== SUPPLIED INFORMATION ==

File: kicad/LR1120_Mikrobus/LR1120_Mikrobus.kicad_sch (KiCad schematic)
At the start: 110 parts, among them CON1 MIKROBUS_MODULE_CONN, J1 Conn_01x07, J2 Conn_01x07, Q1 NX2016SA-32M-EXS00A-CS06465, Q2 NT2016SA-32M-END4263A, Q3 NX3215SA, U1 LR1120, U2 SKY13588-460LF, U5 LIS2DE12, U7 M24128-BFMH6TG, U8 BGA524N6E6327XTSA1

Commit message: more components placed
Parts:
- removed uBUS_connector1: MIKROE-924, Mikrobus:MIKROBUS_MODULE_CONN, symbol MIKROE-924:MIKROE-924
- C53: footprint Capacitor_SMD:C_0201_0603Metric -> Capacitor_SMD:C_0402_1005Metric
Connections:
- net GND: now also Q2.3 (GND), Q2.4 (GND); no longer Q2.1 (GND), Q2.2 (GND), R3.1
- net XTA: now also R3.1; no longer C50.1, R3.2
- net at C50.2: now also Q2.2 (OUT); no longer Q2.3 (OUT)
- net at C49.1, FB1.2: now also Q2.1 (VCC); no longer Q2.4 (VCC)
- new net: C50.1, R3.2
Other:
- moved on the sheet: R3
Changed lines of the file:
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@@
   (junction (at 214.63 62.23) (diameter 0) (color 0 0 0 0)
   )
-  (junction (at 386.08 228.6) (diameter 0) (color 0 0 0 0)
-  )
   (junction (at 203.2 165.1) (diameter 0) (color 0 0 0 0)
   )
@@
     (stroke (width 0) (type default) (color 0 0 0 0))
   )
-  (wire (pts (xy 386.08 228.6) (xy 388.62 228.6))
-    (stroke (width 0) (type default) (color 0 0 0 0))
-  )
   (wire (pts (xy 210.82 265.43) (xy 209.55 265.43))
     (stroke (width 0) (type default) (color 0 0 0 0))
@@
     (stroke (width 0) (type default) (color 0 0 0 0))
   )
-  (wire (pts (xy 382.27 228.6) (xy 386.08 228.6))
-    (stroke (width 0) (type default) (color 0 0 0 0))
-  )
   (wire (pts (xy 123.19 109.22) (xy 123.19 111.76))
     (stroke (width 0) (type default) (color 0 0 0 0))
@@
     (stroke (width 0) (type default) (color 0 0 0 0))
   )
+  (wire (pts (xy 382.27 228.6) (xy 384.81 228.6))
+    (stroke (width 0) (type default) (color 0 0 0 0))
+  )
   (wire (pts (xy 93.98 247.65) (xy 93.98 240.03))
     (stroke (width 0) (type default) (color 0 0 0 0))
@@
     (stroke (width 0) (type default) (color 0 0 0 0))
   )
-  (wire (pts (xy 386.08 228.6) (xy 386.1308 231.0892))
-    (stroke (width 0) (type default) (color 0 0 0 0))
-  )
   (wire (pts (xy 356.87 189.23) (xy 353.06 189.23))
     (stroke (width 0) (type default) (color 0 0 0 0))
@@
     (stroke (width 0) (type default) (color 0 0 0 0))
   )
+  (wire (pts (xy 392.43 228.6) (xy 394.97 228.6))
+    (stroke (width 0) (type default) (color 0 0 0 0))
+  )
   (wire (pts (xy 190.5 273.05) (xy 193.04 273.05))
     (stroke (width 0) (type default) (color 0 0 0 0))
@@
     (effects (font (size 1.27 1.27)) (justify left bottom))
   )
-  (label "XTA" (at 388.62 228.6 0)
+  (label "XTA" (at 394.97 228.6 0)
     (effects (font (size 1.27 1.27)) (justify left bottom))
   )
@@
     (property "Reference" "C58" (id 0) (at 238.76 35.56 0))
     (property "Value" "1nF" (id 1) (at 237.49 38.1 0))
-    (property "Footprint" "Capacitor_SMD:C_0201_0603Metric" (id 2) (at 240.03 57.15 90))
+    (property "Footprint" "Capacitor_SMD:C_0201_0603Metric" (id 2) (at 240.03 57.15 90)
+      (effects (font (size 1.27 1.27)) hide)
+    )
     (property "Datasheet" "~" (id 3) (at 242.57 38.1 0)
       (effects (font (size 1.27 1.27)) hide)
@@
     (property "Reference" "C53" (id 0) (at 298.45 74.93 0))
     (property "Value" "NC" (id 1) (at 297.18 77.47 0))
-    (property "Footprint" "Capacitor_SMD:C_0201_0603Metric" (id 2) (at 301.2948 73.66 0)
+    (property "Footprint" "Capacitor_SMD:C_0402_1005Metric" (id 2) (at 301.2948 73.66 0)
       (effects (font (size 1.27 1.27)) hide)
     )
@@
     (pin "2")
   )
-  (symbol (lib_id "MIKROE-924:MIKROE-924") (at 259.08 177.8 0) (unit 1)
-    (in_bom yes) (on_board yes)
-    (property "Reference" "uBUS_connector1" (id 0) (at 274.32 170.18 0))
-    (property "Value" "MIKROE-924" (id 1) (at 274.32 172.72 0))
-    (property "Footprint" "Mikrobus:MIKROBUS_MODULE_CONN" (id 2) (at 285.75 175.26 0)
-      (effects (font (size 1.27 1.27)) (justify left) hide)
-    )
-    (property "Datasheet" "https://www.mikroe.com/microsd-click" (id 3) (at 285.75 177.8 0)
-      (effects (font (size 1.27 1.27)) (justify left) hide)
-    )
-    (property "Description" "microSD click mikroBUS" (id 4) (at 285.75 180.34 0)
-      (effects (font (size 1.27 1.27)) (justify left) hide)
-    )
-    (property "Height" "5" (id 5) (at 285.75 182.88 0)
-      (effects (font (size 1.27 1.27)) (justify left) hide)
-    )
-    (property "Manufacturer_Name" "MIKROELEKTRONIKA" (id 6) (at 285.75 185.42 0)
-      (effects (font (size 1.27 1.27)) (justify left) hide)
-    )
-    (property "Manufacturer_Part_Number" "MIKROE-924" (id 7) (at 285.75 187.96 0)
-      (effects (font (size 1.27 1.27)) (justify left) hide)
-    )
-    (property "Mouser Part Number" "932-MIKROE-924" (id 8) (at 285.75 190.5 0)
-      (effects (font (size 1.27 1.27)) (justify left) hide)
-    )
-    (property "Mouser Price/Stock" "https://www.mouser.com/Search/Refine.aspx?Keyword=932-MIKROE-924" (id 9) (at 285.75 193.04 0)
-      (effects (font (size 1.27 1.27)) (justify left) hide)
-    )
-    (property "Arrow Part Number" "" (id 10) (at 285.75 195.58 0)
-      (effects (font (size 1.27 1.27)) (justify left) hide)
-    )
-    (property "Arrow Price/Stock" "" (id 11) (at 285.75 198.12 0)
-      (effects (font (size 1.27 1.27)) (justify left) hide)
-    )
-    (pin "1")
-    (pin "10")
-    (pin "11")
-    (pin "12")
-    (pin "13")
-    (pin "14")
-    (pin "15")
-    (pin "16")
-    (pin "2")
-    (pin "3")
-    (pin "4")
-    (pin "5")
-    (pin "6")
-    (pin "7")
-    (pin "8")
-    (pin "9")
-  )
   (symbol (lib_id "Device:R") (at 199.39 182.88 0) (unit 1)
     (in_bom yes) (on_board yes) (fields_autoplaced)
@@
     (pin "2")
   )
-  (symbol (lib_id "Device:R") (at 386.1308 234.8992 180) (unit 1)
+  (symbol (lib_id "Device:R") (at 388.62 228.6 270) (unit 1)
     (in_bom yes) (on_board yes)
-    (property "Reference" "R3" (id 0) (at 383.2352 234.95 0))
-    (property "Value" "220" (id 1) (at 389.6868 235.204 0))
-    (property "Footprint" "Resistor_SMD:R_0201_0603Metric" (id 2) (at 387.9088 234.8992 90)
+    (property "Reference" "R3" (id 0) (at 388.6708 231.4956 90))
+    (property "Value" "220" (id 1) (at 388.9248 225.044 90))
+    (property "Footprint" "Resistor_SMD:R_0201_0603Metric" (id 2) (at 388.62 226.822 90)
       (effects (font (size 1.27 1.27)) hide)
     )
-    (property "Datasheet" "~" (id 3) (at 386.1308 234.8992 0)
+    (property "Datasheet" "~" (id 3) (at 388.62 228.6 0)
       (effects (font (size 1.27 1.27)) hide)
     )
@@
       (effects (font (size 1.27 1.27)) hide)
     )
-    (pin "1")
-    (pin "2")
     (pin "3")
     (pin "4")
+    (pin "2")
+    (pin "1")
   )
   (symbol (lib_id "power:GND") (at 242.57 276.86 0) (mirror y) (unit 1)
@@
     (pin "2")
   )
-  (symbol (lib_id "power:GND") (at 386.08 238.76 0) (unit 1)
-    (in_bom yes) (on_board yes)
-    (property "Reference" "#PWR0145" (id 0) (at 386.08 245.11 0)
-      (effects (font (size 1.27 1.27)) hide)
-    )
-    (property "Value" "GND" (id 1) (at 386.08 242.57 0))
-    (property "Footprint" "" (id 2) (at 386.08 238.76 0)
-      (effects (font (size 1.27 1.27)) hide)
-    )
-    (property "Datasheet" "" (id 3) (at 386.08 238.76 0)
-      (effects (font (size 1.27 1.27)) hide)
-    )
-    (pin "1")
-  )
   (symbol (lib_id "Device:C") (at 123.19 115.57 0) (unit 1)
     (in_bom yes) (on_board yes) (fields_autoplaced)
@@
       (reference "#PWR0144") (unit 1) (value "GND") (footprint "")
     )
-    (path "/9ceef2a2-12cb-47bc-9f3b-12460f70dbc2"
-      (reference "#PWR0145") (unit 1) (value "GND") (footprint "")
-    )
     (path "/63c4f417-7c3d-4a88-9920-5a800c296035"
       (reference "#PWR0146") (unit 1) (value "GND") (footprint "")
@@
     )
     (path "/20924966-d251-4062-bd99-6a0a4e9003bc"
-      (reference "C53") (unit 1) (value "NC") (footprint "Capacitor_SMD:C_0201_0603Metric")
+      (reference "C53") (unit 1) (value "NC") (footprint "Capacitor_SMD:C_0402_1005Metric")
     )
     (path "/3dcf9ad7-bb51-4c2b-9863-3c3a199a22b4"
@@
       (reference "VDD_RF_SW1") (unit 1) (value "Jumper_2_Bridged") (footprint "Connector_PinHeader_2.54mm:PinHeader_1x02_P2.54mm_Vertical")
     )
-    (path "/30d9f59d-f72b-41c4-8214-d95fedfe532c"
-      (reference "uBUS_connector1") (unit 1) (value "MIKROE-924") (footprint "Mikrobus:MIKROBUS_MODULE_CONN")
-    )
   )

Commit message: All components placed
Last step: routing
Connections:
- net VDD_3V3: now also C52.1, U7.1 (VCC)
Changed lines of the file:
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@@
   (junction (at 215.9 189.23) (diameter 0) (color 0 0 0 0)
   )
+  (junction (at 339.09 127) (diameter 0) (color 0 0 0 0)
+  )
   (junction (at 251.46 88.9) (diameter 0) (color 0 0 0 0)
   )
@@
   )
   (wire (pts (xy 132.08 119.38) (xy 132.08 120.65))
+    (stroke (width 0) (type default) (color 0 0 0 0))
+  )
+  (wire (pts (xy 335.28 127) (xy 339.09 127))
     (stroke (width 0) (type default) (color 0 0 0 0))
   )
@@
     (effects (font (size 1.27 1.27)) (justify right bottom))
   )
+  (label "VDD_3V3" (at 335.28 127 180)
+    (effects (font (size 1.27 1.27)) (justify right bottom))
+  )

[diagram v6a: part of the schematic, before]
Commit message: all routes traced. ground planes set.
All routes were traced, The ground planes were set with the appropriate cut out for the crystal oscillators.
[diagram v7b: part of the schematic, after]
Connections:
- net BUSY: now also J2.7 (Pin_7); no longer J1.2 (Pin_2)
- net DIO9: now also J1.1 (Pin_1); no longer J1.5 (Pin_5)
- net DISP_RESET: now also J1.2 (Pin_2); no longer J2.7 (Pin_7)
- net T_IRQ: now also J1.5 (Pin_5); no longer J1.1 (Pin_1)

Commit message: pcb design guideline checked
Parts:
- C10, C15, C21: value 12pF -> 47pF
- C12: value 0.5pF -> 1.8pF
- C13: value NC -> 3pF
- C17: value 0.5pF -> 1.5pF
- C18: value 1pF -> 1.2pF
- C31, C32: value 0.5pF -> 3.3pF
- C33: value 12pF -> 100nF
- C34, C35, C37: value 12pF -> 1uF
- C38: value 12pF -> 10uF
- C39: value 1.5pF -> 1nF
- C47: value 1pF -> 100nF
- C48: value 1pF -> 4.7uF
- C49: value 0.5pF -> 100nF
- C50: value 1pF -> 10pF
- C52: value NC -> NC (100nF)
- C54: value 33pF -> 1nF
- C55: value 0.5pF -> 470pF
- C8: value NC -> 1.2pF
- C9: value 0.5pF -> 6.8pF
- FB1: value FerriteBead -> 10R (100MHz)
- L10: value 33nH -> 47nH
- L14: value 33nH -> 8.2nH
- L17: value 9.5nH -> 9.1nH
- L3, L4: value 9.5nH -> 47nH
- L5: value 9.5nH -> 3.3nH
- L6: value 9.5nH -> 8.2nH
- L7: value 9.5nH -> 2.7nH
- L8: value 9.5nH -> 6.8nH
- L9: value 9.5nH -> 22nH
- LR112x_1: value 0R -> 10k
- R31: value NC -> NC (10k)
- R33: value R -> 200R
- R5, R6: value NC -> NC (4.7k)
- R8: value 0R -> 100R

===

**PROBLEM TO SOLVE**
Out of the entries above, write out only the lines between the line holding "- C18: value 1pF -> 1.2pF" and the line holding "- L10: value 33nH -> 47nH", inclusive, each exactly as given.

**ANSWER SECTION**
- C18: value 1pF -> 1.2pF
- C31, C32: value 0.5pF -> 3.3pF
- C33: value 12pF -> 100nF
- C34, C35, C37: value 12pF -> 1uF
- C38: value 12pF -> 10uF
- C39: value 1.5pF -> 1nF
- C47: value 1pF -> 100nF
- C48: value 1pF -> 4.7uF
- C49: value 0.5pF -> 100nF
- C50: value 1pF -> 10pF
- C52: value NC -> NC (100nF)
- C54: value 33pF -> 1nF
- C55: value 0.5pF -> 470pF
- C8: value NC -> 1.2pF
- C9: value 0.5pF -> 6.8pF
- FB1: value FerriteBead -> 10R (100MHz)
- L10: value 33nH -> 47nH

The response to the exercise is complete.